→ **Problem description**:
Identify all lines in the data containing the string "surface". Copy them out.

##### Entries shown

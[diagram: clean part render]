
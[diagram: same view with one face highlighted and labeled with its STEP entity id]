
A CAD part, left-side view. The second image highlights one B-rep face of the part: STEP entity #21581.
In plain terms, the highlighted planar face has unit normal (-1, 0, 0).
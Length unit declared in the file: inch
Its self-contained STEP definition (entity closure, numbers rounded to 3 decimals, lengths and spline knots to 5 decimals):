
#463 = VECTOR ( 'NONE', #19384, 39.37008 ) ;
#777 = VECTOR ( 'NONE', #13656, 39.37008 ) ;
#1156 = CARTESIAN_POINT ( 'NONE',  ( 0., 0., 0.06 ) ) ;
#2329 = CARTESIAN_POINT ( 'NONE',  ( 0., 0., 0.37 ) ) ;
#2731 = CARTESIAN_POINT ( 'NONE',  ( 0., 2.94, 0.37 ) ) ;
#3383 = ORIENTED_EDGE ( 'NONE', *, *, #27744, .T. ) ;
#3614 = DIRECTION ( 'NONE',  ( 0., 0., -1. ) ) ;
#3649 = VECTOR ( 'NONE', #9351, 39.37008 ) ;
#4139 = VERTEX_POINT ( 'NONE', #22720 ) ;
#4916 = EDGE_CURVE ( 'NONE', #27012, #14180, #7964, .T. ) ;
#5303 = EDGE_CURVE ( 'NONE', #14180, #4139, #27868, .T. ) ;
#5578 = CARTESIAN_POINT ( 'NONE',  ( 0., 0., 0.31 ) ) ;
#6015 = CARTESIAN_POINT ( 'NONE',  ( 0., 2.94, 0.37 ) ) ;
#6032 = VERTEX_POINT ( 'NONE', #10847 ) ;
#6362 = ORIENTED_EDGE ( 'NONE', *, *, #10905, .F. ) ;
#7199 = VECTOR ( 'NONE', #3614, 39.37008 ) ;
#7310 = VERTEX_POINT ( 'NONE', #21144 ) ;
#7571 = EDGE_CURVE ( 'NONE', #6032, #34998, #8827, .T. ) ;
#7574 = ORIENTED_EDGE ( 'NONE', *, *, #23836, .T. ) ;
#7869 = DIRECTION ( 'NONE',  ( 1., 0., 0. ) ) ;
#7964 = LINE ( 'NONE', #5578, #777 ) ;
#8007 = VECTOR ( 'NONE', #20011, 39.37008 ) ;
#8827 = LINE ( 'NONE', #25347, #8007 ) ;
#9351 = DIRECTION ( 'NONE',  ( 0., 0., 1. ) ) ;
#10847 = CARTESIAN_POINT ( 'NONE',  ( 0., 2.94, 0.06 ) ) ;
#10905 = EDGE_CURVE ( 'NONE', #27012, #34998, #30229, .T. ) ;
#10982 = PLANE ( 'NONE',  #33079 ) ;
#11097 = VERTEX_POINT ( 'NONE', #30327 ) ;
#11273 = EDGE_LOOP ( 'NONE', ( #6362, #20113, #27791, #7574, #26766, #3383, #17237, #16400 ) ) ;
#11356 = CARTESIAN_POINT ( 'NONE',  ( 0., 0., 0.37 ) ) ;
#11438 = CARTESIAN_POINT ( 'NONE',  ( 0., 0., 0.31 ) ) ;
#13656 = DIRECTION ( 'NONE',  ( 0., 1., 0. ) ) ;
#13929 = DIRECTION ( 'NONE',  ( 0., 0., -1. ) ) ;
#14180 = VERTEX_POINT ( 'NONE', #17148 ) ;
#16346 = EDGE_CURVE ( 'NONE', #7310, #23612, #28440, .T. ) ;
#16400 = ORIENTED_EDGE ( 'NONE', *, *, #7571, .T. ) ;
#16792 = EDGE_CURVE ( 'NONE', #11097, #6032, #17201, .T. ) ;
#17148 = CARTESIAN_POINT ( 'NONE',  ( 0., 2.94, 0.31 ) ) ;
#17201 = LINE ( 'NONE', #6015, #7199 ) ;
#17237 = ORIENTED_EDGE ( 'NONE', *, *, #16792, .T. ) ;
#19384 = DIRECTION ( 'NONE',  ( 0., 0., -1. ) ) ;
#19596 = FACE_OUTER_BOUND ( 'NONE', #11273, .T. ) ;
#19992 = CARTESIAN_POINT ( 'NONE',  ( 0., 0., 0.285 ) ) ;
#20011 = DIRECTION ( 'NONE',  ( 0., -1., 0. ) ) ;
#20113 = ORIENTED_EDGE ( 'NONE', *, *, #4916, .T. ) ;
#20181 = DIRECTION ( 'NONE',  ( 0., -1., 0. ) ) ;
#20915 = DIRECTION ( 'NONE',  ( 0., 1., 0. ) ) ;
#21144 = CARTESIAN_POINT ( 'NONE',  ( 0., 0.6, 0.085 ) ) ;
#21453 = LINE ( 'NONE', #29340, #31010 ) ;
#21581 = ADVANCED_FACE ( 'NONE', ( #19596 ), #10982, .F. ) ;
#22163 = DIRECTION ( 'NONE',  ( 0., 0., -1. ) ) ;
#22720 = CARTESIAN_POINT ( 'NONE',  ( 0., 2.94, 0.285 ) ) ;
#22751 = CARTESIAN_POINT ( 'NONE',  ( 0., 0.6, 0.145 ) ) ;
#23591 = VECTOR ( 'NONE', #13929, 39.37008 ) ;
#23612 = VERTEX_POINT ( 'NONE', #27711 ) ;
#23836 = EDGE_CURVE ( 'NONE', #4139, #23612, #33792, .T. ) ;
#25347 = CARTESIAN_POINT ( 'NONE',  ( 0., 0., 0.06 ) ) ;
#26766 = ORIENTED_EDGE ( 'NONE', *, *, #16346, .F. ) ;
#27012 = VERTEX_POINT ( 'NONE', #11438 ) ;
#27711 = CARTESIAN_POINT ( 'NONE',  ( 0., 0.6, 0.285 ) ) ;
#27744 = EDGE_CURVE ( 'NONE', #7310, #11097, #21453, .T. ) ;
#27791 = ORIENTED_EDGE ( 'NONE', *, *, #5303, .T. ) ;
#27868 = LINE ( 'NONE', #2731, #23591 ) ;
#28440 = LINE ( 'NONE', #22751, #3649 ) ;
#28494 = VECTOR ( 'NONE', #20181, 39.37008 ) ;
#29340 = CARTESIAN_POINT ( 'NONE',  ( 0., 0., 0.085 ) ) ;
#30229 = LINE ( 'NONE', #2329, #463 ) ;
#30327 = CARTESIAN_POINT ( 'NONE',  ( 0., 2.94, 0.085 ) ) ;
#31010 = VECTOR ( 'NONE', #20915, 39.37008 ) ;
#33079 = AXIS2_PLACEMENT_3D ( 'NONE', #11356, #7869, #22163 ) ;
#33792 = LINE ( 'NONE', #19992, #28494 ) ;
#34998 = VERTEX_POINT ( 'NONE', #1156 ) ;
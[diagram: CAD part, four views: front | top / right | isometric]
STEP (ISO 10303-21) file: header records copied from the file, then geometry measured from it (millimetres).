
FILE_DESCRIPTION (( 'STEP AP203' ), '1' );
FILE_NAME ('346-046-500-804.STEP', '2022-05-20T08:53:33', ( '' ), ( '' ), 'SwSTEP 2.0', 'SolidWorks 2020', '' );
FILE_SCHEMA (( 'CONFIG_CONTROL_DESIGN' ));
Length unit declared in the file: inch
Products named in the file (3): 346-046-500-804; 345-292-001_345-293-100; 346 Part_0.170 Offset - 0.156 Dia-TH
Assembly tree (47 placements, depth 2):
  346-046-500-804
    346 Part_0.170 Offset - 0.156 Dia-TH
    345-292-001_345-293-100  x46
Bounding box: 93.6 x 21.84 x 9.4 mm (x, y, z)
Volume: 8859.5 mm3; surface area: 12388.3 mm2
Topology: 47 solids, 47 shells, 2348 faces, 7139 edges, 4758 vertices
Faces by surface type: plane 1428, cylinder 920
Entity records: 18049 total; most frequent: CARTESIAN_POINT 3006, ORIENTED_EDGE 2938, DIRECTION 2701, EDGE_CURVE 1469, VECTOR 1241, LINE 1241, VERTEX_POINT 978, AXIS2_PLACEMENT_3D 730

##########

→ **Exercise output**:
Volume: 8859.5 mm3; surface area: 12388.3 mm2
Faces by surface type: plane 1428, cylinder 920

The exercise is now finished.